# Employee Share Options Scheme - Buyback/Termination/Expiry



## superbrudd (1 March 2011)

This is an interesting little question for anyone interested in Employee Share Options Schemes etc.  
I have share options with a former employer who is discussing buying back the options from me at the moment.  The weird thing is, the whole options plan expires in a few months, so I’m trying to work out what possible benefit there is for my former employer in buying back the options now.
So a few more specific questions are:
•	Generally, what happens to options when an options plan expires?  Do they get reabsorbed into the company? (ie if there are 1,000,000 shares, 100,000 of which are allocated to the share options scheme, does the company just go back to being 900,000 shares?  
•	When the plan expires, do my options simply expire from my perspective?  (I know it may be hard to answer this without looking at all the documentation, but I’m interested in what normally happens)
•	If the share options expire so soon, why would my former employer be trying to buy them off of me?  What possible benefit might they gain from buying them rather than waiting for the plan to expire?  Might there be a reason that they want to get rid of the plans and other options holders urgently?  eg if there is someone trying to buy the company?  Or another thought, maybe they might be thinking of extending the expiry date of the scheme and offering the options to someone else instead, so they would like them back?  If that’s the case, why would they not let the scheme expire and start a new one?
I know these questions probably do not have definitive answers, but I would love someone else's input on this.

Thanks!


----------



## skyQuake (1 March 2011)

*Re: Employee Share Options Scheme - Buyback / Termination / Expiry*



superbrudd said:


> This is an interesting little question for anyone interested in Employee Share Options Schemes etc.
> I have share options with a former employer who is discussing buying back the options from me at the moment.  The weird thing is, the whole options plan expires in a few months, so I’m trying to work out what possible benefit there is for my former employer in buying back the options now.
> So a few more specific questions are:
> •	Generally, what happens to options when an options plan expires?  Do they get reabsorbed into the company? (ie if there are 1,000,000 shares, 100,000 of which are allocated to the share options scheme, does the company just go back to being 900,000 shares?




The options themselves are unaffected - they remain (with u) till exercised or they expire.

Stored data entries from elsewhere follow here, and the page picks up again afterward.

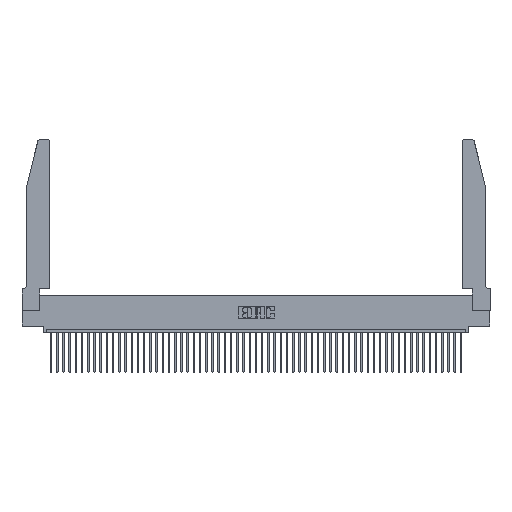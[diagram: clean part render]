
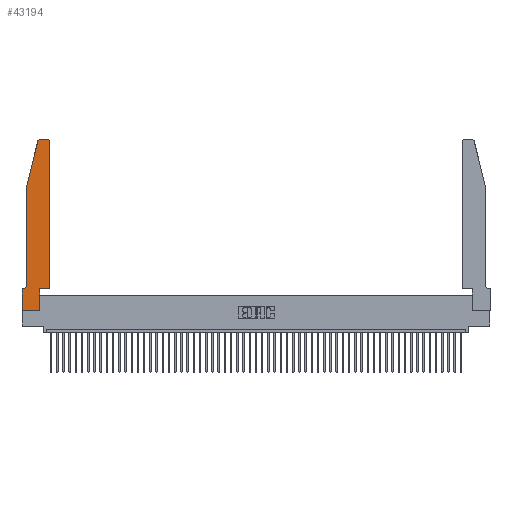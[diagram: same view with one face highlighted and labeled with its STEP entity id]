
A CAD part, top view. The second image highlights one B-rep face of the part: STEP entity #43194.
In plain terms, the highlighted planar face has unit normal (0, 0, 1).
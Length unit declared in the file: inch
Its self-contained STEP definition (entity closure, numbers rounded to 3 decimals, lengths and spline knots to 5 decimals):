
#188 = EDGE_LOOP ( 'NONE', ( #15539, #263, #4675, #17371, #25814, #16195, #5361, #44712, #41587, #32840, #48203, #21301 ) ) ;
#263 = ORIENTED_EDGE ( 'NONE', *, *, #28175, .T. ) ;
#366 = VERTEX_POINT ( 'NONE', #3941 ) ;
#711 = DIRECTION ( 'NONE',  ( 1., 0., 0. ) ) ;
#1036 = CARTESIAN_POINT ( 'NONE',  ( 0.4505, 0.35, 0.37 ) ) ;
#1436 = AXIS2_PLACEMENT_3D ( 'NONE', #32717, #16441, #5233 ) ;
#1506 = VERTEX_POINT ( 'NONE', #40229 ) ;
#2761 = CARTESIAN_POINT ( 'NONE',  ( 0.2865, 0.35, 0.37 ) ) ;
#3041 = VECTOR ( 'NONE', #23626, 39.37008 ) ;
#3048 = CARTESIAN_POINT ( 'NONE',  ( 0., 0.35, 0.37 ) ) ;
#3309 = VERTEX_POINT ( 'NONE', #19532 ) ;
#3941 = CARTESIAN_POINT ( 'NONE',  ( 0.2865, 0., 0.37 ) ) ;
#4309 = LINE ( 'NONE', #30593, #48179 ) ;
#4675 = ORIENTED_EDGE ( 'NONE', *, *, #12563, .T. ) ;
#5233 = DIRECTION ( 'NONE',  ( 1., 0., 0. ) ) ;
#5361 = ORIENTED_EDGE ( 'NONE', *, *, #14542, .T. ) ;
#6517 = LINE ( 'NONE', #10998, #42180 ) ;
#7146 = AXIS2_PLACEMENT_3D ( 'NONE', #3048, #35055, #39595 ) ;
#7967 = CARTESIAN_POINT ( 'NONE',  ( 0.2605, 2.75, 0.37 ) ) ;
#8789 = DIRECTION ( 'NONE',  ( 0., 1., 0. ) ) ;
#10096 = LINE ( 'NONE', #45011, #44548 ) ;
#10459 = DIRECTION ( 'NONE',  ( 0., 1., 0. ) ) ;
#10569 = AXIS2_PLACEMENT_3D ( 'NONE', #41142, #24911, #16986 ) ;
#10998 = CARTESIAN_POINT ( 'NONE',  ( 0.0755, 0.35, 0.37 ) ) ;
#11229 = CARTESIAN_POINT ( 'NONE',  ( 0.25487, 2.72718, 0.37 ) ) ;
#12563 = EDGE_CURVE ( 'NONE', #13031, #3309, #36550, .T. ) ;
#13031 = VERTEX_POINT ( 'NONE', #11229 ) ;
#13241 = EDGE_CURVE ( 'NONE', #15223, #44950, #6517, .T. ) ;
#13855 = LINE ( 'NONE', #7967, #19550 ) ;
#14542 = EDGE_CURVE ( 'NONE', #44950, #41553, #10096, .T. ) ;
#14568 = PLANE ( 'NONE',  #7146 ) ;
#15223 = VERTEX_POINT ( 'NONE', #27215 ) ;
#15321 = DIRECTION ( 'NONE',  ( -0.239, -0.971, 0. ) ) ;
#15539 = ORIENTED_EDGE ( 'NONE', *, *, #21559, .T. ) ;
#16195 = ORIENTED_EDGE ( 'NONE', *, *, #13241, .T. ) ;
#16441 = DIRECTION ( 'NONE',  ( 0., 0., 1. ) ) ;
#16543 = VECTOR ( 'NONE', #45865, 39.37008 ) ;
#16652 = VERTEX_POINT ( 'NONE', #2761 ) ;
#16986 = DIRECTION ( 'NONE',  ( -1., 0., 0. ) ) ;
#17343 = LINE ( 'NONE', #51008, #3041 ) ;
#17371 = ORIENTED_EDGE ( 'NONE', *, *, #26208, .T. ) ;
#17796 = CARTESIAN_POINT ( 'NONE',  ( 0.0755, 2., 0.37 ) ) ;
#18083 = VERTEX_POINT ( 'NONE', #34695 ) ;
#18189 = CARTESIAN_POINT ( 'NONE',  ( 0., 0.35, 0.37 ) ) ;
#19532 = CARTESIAN_POINT ( 'NONE',  ( 0.0755, 2., 0.37 ) ) ;
#19550 = VECTOR ( 'NONE', #44036, 39.37008 ) ;
#20001 = CIRCLE ( 'NONE', #10569, 0.07 ) ;
#20693 = DIRECTION ( 'NONE',  ( 0., 0., 1. ) ) ;
#21056 = VECTOR ( 'NONE', #8789, 39.37008 ) ;
#21301 = ORIENTED_EDGE ( 'NONE', *, *, #34798, .T. ) ;
#21559 = EDGE_CURVE ( 'NONE', #1506, #18083, #13855, .T. ) ;
#21628 = VERTEX_POINT ( 'NONE', #26570 ) ;
#22918 = EDGE_CURVE ( 'NONE', #25611, #15223, #20001, .T. ) ;
#23506 = CARTESIAN_POINT ( 'NONE',  ( 0.4505, 2.72, 0.37 ) ) ;
#23570 = LINE ( 'NONE', #43936, #39795 ) ;
#23626 = DIRECTION ( 'NONE',  ( 1., 0., 0. ) ) ;
#23788 = DIRECTION ( 'NONE',  ( -1., 0., 0. ) ) ;
#24079 = CARTESIAN_POINT ( 'NONE',  ( 0.0755, 2., 0.37 ) ) ;
#24690 = VECTOR ( 'NONE', #15321, 39.37008 ) ;
#24911 = DIRECTION ( 'NONE',  ( 0., 0., -1. ) ) ;
#25611 = VERTEX_POINT ( 'NONE', #25922 ) ;
#25814 = ORIENTED_EDGE ( 'NONE', *, *, #22918, .T. ) ;
#25922 = CARTESIAN_POINT ( 'NONE',  ( 0.0755, 0.42, 0.37 ) ) ;
#26208 = EDGE_CURVE ( 'NONE', #3309, #25611, #50506, .T. ) ;
#26570 = CARTESIAN_POINT ( 'NONE',  ( 0.4505, 0.35, 0.37 ) ) ;
#27215 = CARTESIAN_POINT ( 'NONE',  ( 0.0055, 0.35, 0.37 ) ) ;
#27835 = AXIS2_PLACEMENT_3D ( 'NONE', #32440, #20693, #711 ) ;
#28175 = EDGE_CURVE ( 'NONE', #18083, #13031, #44533, .T. ) ;
#29553 = DIRECTION ( 'NONE',  ( 0., -1., 0. ) ) ;
#30593 = CARTESIAN_POINT ( 'NONE',  ( 0.2865, 0.35, 0.37 ) ) ;
#31787 = LINE ( 'NONE', #1036, #21056 ) ;
#32440 = CARTESIAN_POINT ( 'NONE',  ( 0.284, 2.72, 0.37 ) ) ;
#32579 = EDGE_CURVE ( 'NONE', #21628, #35096, #31787, .T. ) ;
#32717 = CARTESIAN_POINT ( 'NONE',  ( 0.4205, 2.72, 0.37 ) ) ;
#32840 = ORIENTED_EDGE ( 'NONE', *, *, #39797, .T. ) ;
#34695 = CARTESIAN_POINT ( 'NONE',  ( 0.284, 2.75, 0.37 ) ) ;
#34798 = EDGE_CURVE ( 'NONE', #35096, #1506, #45306, .T. ) ;
#35055 = DIRECTION ( 'NONE',  ( 0., 0., 1. ) ) ;
#35096 = VERTEX_POINT ( 'NONE', #23506 ) ;
#35838 = DIRECTION ( 'NONE',  ( 1., 0., 0. ) ) ;
#36550 = LINE ( 'NONE', #24079, #24690 ) ;
#38585 = CARTESIAN_POINT ( 'NONE',  ( 0., 0., 0.37 ) ) ;
#39595 = DIRECTION ( 'NONE',  ( 1., 0., 0. ) ) ;
#39757 = EDGE_CURVE ( 'NONE', #366, #16652, #4309, .T. ) ;
#39795 = VECTOR ( 'NONE', #35838, 39.37008 ) ;
#39797 = EDGE_CURVE ( 'NONE', #16652, #21628, #17343, .T. ) ;
#40229 = CARTESIAN_POINT ( 'NONE',  ( 0.4205, 2.75, 0.37 ) ) ;
#41142 = CARTESIAN_POINT ( 'NONE',  ( 0.0055, 0.42, 0.37 ) ) ;
#41553 = VERTEX_POINT ( 'NONE', #38585 ) ;
#41587 = ORIENTED_EDGE ( 'NONE', *, *, #39757, .T. ) ;
#42180 = VECTOR ( 'NONE', #23788, 39.37008 ) ;
#43194 = ADVANCED_FACE ( 'NONE', ( #50967 ), #14568, .T. ) ;
#43936 = CARTESIAN_POINT ( 'NONE',  ( 0., 0., 0.37 ) ) ;
#44036 = DIRECTION ( 'NONE',  ( -1., 0., 0. ) ) ;
#44533 = CIRCLE ( 'NONE', #27835, 0.03 ) ;
#44548 = VECTOR ( 'NONE', #29553, 39.37008 ) ;
#44712 = ORIENTED_EDGE ( 'NONE', *, *, #45967, .T. ) ;
#44950 = VERTEX_POINT ( 'NONE', #18189 ) ;
#45011 = CARTESIAN_POINT ( 'NONE',  ( 0., 0., 0.37 ) ) ;
#45306 = CIRCLE ( 'NONE', #1436, 0.03 ) ;
#45865 = DIRECTION ( 'NONE',  ( 0., -1., 0. ) ) ;
#45967 = EDGE_CURVE ( 'NONE', #41553, #366, #23570, .T. ) ;
#48179 = VECTOR ( 'NONE', #10459, 39.37008 ) ;
#48203 = ORIENTED_EDGE ( 'NONE', *, *, #32579, .T. ) ;
#50506 = LINE ( 'NONE', #17796, #16543 ) ;
#50967 = FACE_OUTER_BOUND ( 'NONE', #188, .T. ) ;
#51008 = CARTESIAN_POINT ( 'NONE',  ( 0.4505, 0.35, 0.37 ) ) ;

The employee option scheme merely ends ie - you will not be able to get options with/instead of income.



> •	When the plan expires, do my options simply expire from my perspective?  (I know it may be hard to answer this without looking at all the documentation, but I’m interested in what normally happens)
> •	If the share options expire so soon, why would my former employer be trying to buy them off of me?  What possible benefit might they gain from buying them rather than waiting for the plan to expire?  Might there be a reason that they want to get rid of the plans and other options holders urgently?  eg if there is someone trying to buy the company?  Or another thought, maybe they might be thinking of extending the expiry date of the scheme and offering the options to someone else instead, so they would like them back?  If that’s the case, why would they not let the scheme expire and start a new one?




The employer may simply be trying to get rid of loose ends. Check the *expiry* and *exercise price* of your options against the stock price, versus how much they're willing to pay to buy the options off you.

Would help a bit if you'd post the options code (even if its unlisted) and the share code too.

Cheers


----------



## superbrudd (2 March 2011)

Thanks for your reply.

I think I get what you mean - so although the 'scheme' ends, my options do not.  However I'm very new to this stuff so some of my terminology may not be correct.  In addition to the whole share options scheme terminating on a date later this year, there is also a date (before the termination date) specified after which some of my options lapse (I was granted two lots of options separately).  Again, I presume this means that I don't have them anymore and can never exercise them?  There is also a 'last exercise date' on some of my options... after which, I guess again, I don't have them any more?

This is a private company, so I'm not sure if the company / options code help?  I have the participation reference number - but I'm not sure if it's ok to post that sort of information on a public forum like this?

Any ideas where I can get really good advice on this stuff - ie putting all the paperwork in front of someone?  I'm located in Brisbane, but am happy to do it by email / phone.

Thanks again.


----------